┌────────

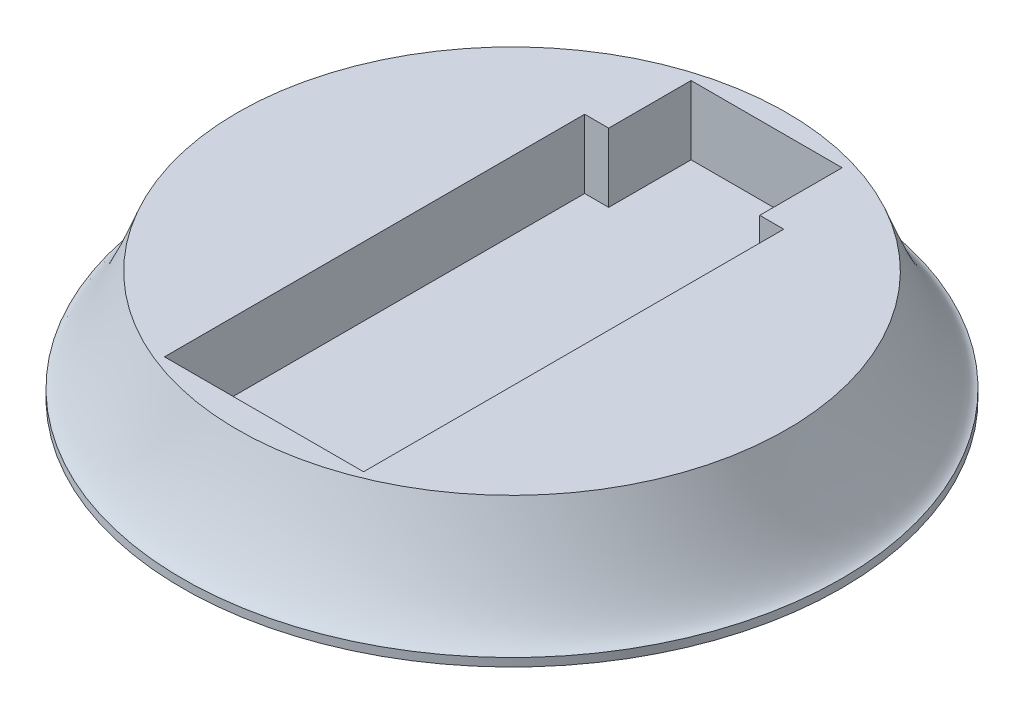
SolidWorks part; units mm, degrees
material "ABS"
ref_plane "Front" through (0, 0, 0) normal (0, 0, 1) x (1, 0, 0)
ref_plane "Top" through (0, 0, 0) normal (0, 1, 0) x (1, 0, 0)
ref_plane "Right" through (0, 0, 0) normal (1, 0, 0) x (0, 0, -1)
sketch "草图1" plane through (0, 0, 0) normal (0, 0, 1) x (1, 0, 0)
  line L0 (0, 0) -> (120, 0)
  line L1 (120, 0) -> (120, 3)
  line L3 (100, 40) -> (0, 40)
  line L4 (0, 40) -> (0, 0)
  spline S0 degree 2 poles (100, 40) (113.4648, 4.3002) (120, 3) knots 0 0 0 0.922508 0.922508 0.922508
  dimension "D1" = 3
  dimension "D2" = 120
  dimension "D3" = 40
  dimension "D4" = 100
revolve "旋转2" add sketch "草图1" angle 360 about L4
sketch "草图2" plane through (0, 40, 0) normal (0, 1, 0) x (1, 0, 0)
  line L0 (0, 113.3126) -> (0, 92.7095) construction
  line L1 (36.25, -90.2905) -> (-36.25, -90.2905)
  line L2 (36.25, -90.2905) -> (36.25, 62.7095)
  line L3 (36.25, 62.7095) -> (27.5, 62.7095)
  line L4 (-36.25, -90.2905) -> (-36.25, 62.7095)
  line L5 (0.4211, -13.7905) -> (-168.5659, -13.7905) construction
  line L6 (-168.5659, -13.7905) -> (162.5682, -13.7905) construction
  line L7 (-27.5, 62.7095) -> (-36.25, 62.7095)
  line L9 (27.5, 62.7095) -> (27.5, 92.7095)
  line L10 (27.5, 92.7095) -> (-27.5, 92.7095)
  line L11 (-27.5, 62.7095) -> (-27.5, 92.7095)
  line L12 (0, 62.7095) -> (0, -150.8993) construction
  dimension "D1" = 72.5
  dimension "D2" = 153
  dimension "D3" = 30
  dimension "D4" = 55
extrude "切除-拉伸1" cut sketch "草图2" against normal blind 25

└────────

■ Exercise instructions ■
Go through the data and count every line where the word "construction" appears. Give only that count.

■ Written answer ■
4